Schedule - PGConf.EU 2022
What happens when stack overflow doesn’t have an answer? comparing ST_within & H3 for spatial queries
Room: Berlin 2+3
Who we are & What we do
Blue Sky Analytics is a climate tech startup, building Bloomberg for green data using AI, satellite data & cloud-native technologies. We deal with a lot of large geospatial datasets and run many spatial-temporal queries over them; the spatial join is one of the bottlenecks we encountered with some queries simply failing to resolve.
Our use case
There are some very interesting use cases that we have to build for, eg “if you want to know the number of fires in a particular area during a particular time period aggregated over a sub-area and a temporal bucket” = “All US biomass emissions by state, on a monthly basis over last 5 years”. For this, we have to make complex Spatio-temporal joins to visualize fires across the globe over several years and attribute them to various shapes to build country & province-level estimates on a table that updates daily.
We use timescale & PostGIS to handle temporal and spatial components respectively. While this setup works well for most kinds of queries, but it’s not the best solution out there as we scale. And that’s where the Uber’s H3 comes in!

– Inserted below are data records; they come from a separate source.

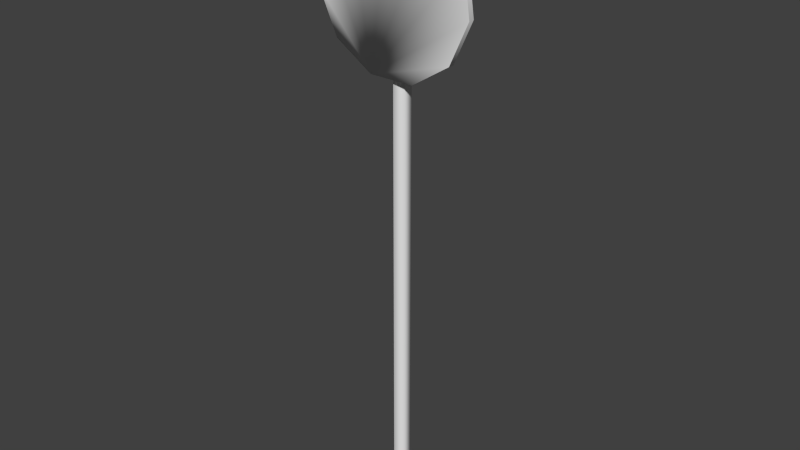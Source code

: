 # Source: sign.blend  (saved by Blender 2.74.0; exported with 4.5.12 LTS)
import bpy
from mathutils import Matrix  # noqa: F401  (used for matrix-valued properties, if any)

bpy.ops.wm.read_factory_settings(use_empty=True)
scene = bpy.context.scene
scene.name = 'Scene'

# ---- collections
col_collection_1 = bpy.data.collections.new('Collection 1'); scene.collection.children.link(col_collection_1)
col_collection_1.hide_render = True
col_collection_1.hide_viewport = True
col_collection_6 = bpy.data.collections.new('Collection 6'); scene.collection.children.link(col_collection_6)
col_collection_11 = bpy.data.collections.new('Collection 11'); scene.collection.children.link(col_collection_11)
col_collection_11.hide_render = True
col_collection_11.hide_viewport = True

# ---- world
world_world = bpy.data.worlds.new('World'); scene.world = world_world
world_world.color = (0.05088, 0.05088, 0.05088)
world_world.use_sun_shadow = False
world_world.sun_shadow_jitter_overblur = 0.0
world_world.cycles.sampling_method = 'MANUAL'
world_world.cycles.sample_map_resolution = 256

# ---- meshes
me_circle_001 = bpy.data.meshes.new('Circle.001')
me_circle_001.from_pydata([(10.03, -1.155, 189.5), (-10.47, -1.155, 189.5), (-10.47, -1.155, 194.8), (10.03, -1.155, 194.8), (-10.47, -1.675, 189.5), (10.03, -1.675, 189.5), (-10.47, -1.675, 194.8), (10.03, -1.675, 194.8), (4.406, -1.155, 189.5), (3.561, 3.803, 189.5), (1.392, 5.409, 189.5), (-1.341, 5.409, 189.5), (-3.47, 3.803, 189.5), (-4.314, -1.155, 189.5), (-4.314, -1.155, 194.8), (-3.47, 3.803, 194.8), (-1.341, 5.409, 194.8), (1.392, 5.409, 194.8), (4.406, -1.155, 194.8), (3.561, 3.803, 194.8), (3.178, 3.37, 189.5), (1.245, 4.804, 189.5), (-1.194, 4.804, 189.5), (-3.086, 3.37, 189.5), (-3.84, -1.675, 189.5), (3.932, -1.675, 189.5), (-3.84, -1.675, 194.8), (-3.086, 3.37, 194.8), (-1.194, 4.804, 194.8), (1.245, 4.804, 194.8), (3.178, 3.37, 194.8), (3.932, -1.675, 194.8), (3.932, -1.675, 217.3), (3.178, 3.37, 217.3), (1.245, 4.804, 217.3), (-1.194, 4.804, 217.3), (-3.086, 3.37, 217.3), (-3.84, -1.675, 217.3), (3.932, -1.675, 212.0), (-3.84, -1.675, 212.0), (-3.086, 3.37, 212.0), (-1.194, 4.804, 212.0), (1.245, 4.804, 212.0), (3.178, 3.37, 212.0), (3.561, 3.803, 217.3), (4.406, -1.155, 217.3), (1.392, 5.409, 217.3), (-1.341, 5.409, 217.3), (-3.47, 3.803, 217.3), (-4.314, -1.155, 217.3), (-4.314, -1.155, 212.0), (-3.47, 3.803, 212.0), (-1.341, 5.409, 212.0), (1.392, 5.409, 212.0), (3.561, 3.803, 212.0), (4.406, -1.155, 212.0), (10.03, -1.675, 217.3), (-10.47, -1.675, 217.3), (10.03, -1.675, 212.0), (-10.47, -1.675, 212.0), (10.03, -1.155, 217.3), (-10.47, -1.155, 217.3), (-10.47, -1.155, 212.0), (10.03, -1.155, 212.0), (3.412, 1.569, 227.1), (2.765, 3.56, 227.1), (1.072, 4.79, 227.1), (-1.021, 4.79, 227.1), (-2.714, 3.56, 227.1), (-3.361, 1.569, 227.1), (-2.714, -0.4213, 227.1), (-1.021, -1.652, 227.1), (1.072, -1.652, 227.1), (2.765, -0.4213, 227.1), (3.412, 1.569, -0.06644), (2.765, 3.56, -0.06644), (1.072, 4.79, -0.06644), (-1.021, 4.79, -0.06644), (-2.714, 3.56, -0.06644), (-3.361, 1.569, -0.06644), (-2.714, -0.4213, -0.06644), (-1.021, -1.652, -0.06644), (1.072, -1.652, -0.06644), (2.765, -0.4213, -0.06644), (0.02536, -3.995, 236.5), (-29.0, -3.995, 217.8), (-31.56, -3.995, 200.0), (-29.0, -3.995, 191.3), (0.02535, -3.995, 172.7), (9.014, -3.995, 174.0), (24.14, -3.995, 183.7), (17.27, -3.995, 231.4), (9.014, -3.995, 235.2), (-17.22, -3.995, 231.4), (-24.09, -3.995, 225.5), (-31.56, -3.995, 209.1), (-17.22, -3.995, 177.7), (17.27, -3.995, 177.7), (29.05, -3.995, 191.3), (29.05, -3.995, 217.8), (-8.964, -3.995, 235.2), (-24.09, -3.995, 183.7), (-8.964, -1.696, 174.0), (31.61, -3.995, 200.0), (31.61, -3.995, 209.1), (24.14, -1.696, 225.5), (24.14, -3.995, 225.5), (31.61, -1.696, 209.1), (31.61, -1.696, 200.0), (-24.09, -1.696, 183.7), (-8.964, -1.696, 235.2), (29.05, -1.696, 217.8), (29.05, -1.696, 191.3), (17.27, -1.696, 177.7), (-17.22, -1.696, 177.7), (-8.964, -3.995, 174.0), (-31.56, -1.696, 209.1), (-24.09, -1.696, 225.5), (-17.22, -1.696, 231.4), (9.014, -1.696, 235.2), (17.27, -1.696, 231.4), (24.14, -1.696, 183.7), (9.014, -1.696, 174.0), (0.02535, -1.696, 172.7), (-29.0, -1.696, 191.3), (-31.56, -1.696, 200.0), (-29.0, -1.696, 217.8), (0.02536, -1.696, 236.5)], [], [(5, 0, 3, 7), (25, 8, 0, 5), (2, 1, 4, 6), (14, 13, 1, 2), (8, 18, 3, 0), (13, 24, 4, 1), (18, 31, 7, 3), (26, 14, 2, 6), (30, 31, 18, 19), (29, 30, 19, 17), (28, 29, 17, 16), (27, 28, 16, 15), (26, 27, 15, 14), (25, 20, 9, 8), (20, 21, 10, 9), (21, 22, 11, 10), (22, 23, 12, 11), (23, 24, 13, 12), (15, 12, 13, 14), (16, 11, 12, 15), (17, 10, 11, 16), (45, 55, 54, 44), (44, 54, 53, 46), (46, 53, 52, 47), (47, 52, 51, 48), (48, 51, 50, 49), (40, 39, 50, 51), (41, 40, 51, 52), (42, 41, 52, 53), (43, 42, 53, 54), (38, 43, 54, 55), (37, 36, 48, 49), (36, 35, 47, 48), (35, 34, 46, 47), (34, 33, 44, 46), (33, 32, 45, 44), (37, 49, 61, 57), (45, 32, 56, 60), (50, 39, 59, 62), (55, 45, 60, 63), (49, 50, 62, 61), (61, 62, 59, 57), (73, 83, 74, 64), (72, 82, 83, 73), (71, 81, 82, 72), (70, 80, 81, 71), (69, 79, 80, 70), (68, 78, 79, 69), (67, 77, 78, 68), (66, 76, 77, 67), (65, 75, 76, 66), (71, 72, 66), (70, 71, 66), (69, 70, 66), (68, 69, 66), (67, 68, 66), (64, 65, 66), (73, 64, 66), (72, 73, 66), (101, 87, 124, 109), (87, 86, 125, 124), (115, 96, 114, 102), (97, 89, 122, 113), (84, 92, 119, 127), (100, 84, 127, 110), (98, 90, 121, 112), (85, 94, 117, 126), (99, 104, 107, 111), (86, 95, 116, 125), (104, 103, 108, 107), (91, 106, 105, 120), (96, 101, 109, 114), (88, 115, 102, 123), (92, 91, 120, 119), (89, 88, 123, 122), (90, 97, 113, 121), (93, 100, 110, 118), (94, 93, 118, 117), (103, 98, 112, 108), (95, 85, 126, 116), (106, 99, 111, 105), (85, 95, 115), (98, 103, 115), (97, 90, 115), (84, 100, 115), (88, 89, 115), (91, 92, 115), (99, 106, 115), (103, 104, 115), (95, 86, 115), (90, 98, 115), (100, 93, 115), (89, 97, 115), (92, 84, 115), (106, 91, 115), (104, 99, 115), (93, 94, 115), (87, 101, 115), (94, 85, 115), (101, 96, 115), (86, 87, 115), (117, 118, 102), (113, 122, 102), (112, 121, 102), (110, 127, 102), (111, 107, 102), (126, 117, 102), (120, 105, 102), (125, 116, 102), (122, 123, 102), (114, 109, 102), (127, 119, 102), (107, 108, 102), (121, 113, 102), (108, 112, 102), (118, 110, 102), (105, 111, 102), (116, 126, 102), (124, 125, 102), (109, 124, 102), (119, 120, 102), (19, 9, 10, 17), (18, 8, 9, 19), (38, 55, 63, 58), (58, 63, 60, 56), (64, 74, 75, 65)])
me_circle_001.polygons.foreach_set('use_smooth', [True] * 126)
_k = set([(0, 3), (0, 5), (0, 8), (1, 2), (1, 4), (1, 13), (2, 6), (2, 14), (3, 7), (3, 18), (4, 6), (4, 24), (5, 7), (5, 25), (6, 26), (7, 31), (8, 9), (8, 18), (9, 10), (10, 11), (11, 12), (12, 13), (13, 14), (13, 24), (14, 15), (14, 26), (15, 16), (16, 17), (17, 19), (18, 19), (18, 31), (20, 21), (20, 25), (21, 22), (22, 23), (23, 24), (26, 27), (27, 28), (28, 29), (29, 30), (30, 31), (32, 33), (32, 45), (32, 56), (33, 34), (34, 35), (35, 36), (36, 37), (37, 49), (37, 57), (38, 43), (38, 58), (39, 40), (39, 50), (39, 59), (40, 41), (41, 42), (42, 43), (44, 45), (44, 46), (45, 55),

One very common query we have is “point in polygon”, while the
ST_Within function works but it’s very slow when there are a millions of points & the shapes are complex.
ST_Within is awesome but too slow to scale. It took
ST_Within 1 minute to sort a million points into 28 polygons ( just one country over 1 month). We have 10s of million points & 100s of shapes. Fine-tuning the database by adding more
work_mem and increasing CPU cores did help but barely. There’s only so much brute force you can apply; we knew we had to optimise at the lowest level.
One of our datasets is fire emissions (global, since the year 2012 & roughly 21 million points/year). We need to know where on earth these points lie, more precisely which admin boundaries to attribute to, from country to province level; The simplest way to bucket them spatially was to check each point against each shape using
ST_Within which turned out to be impossibly slow. And even if we pre-computed this, it was still impossible to build that pre-compute.
H3 indexing & pre-computed aggregations. With H3 indexing, we pre-computed the H3 value for each point and poly-filled all the shape polygons with the
h3_polyfill. Then we got two arrays (tables), which could be joined with just an equality operator (=) and it was almost 100X faster than using
ST_Within. The only limit we hit was the amount of data we were working with, which ultimately didn’t fit in the memory and the disk read-writes slowed down the query in real-time analysis.
Integrating the H3 extension into our setup was a bit challenging & also understanding how we could leverage this H3 index correctly. Initially, we thought we could just index the table using the H3 & the spatial query might become faster using it, but we were wrong.
Working with H3 required some trial & error as to what resolution to implement; As it had a major impact on our results in terms of speed and error. If we choose a very high resolution like 9, it took a lot of time to polyfill the polygon, and there were simply more computations to be made. With lower resolution, the points aggregated over a lesser number of grids but it leads to errors in results.
With our use case, we found resolution 7 was acceptable both in terms of speed & accuracy.
Overall, We were successfully able to reduce the time taken by the spatial query drastically. It went from ~ 15 minutes using
ST_Within (for the queries that ran at all) to 30 seconds using h3. We want to share our learnings with the larger PSQL community and help them save on emissions by cutting query times.
Along those lines, we would like to showcase our work with Postgres as a spatial-temporal database with TimescaleDB, PostGIS and H3.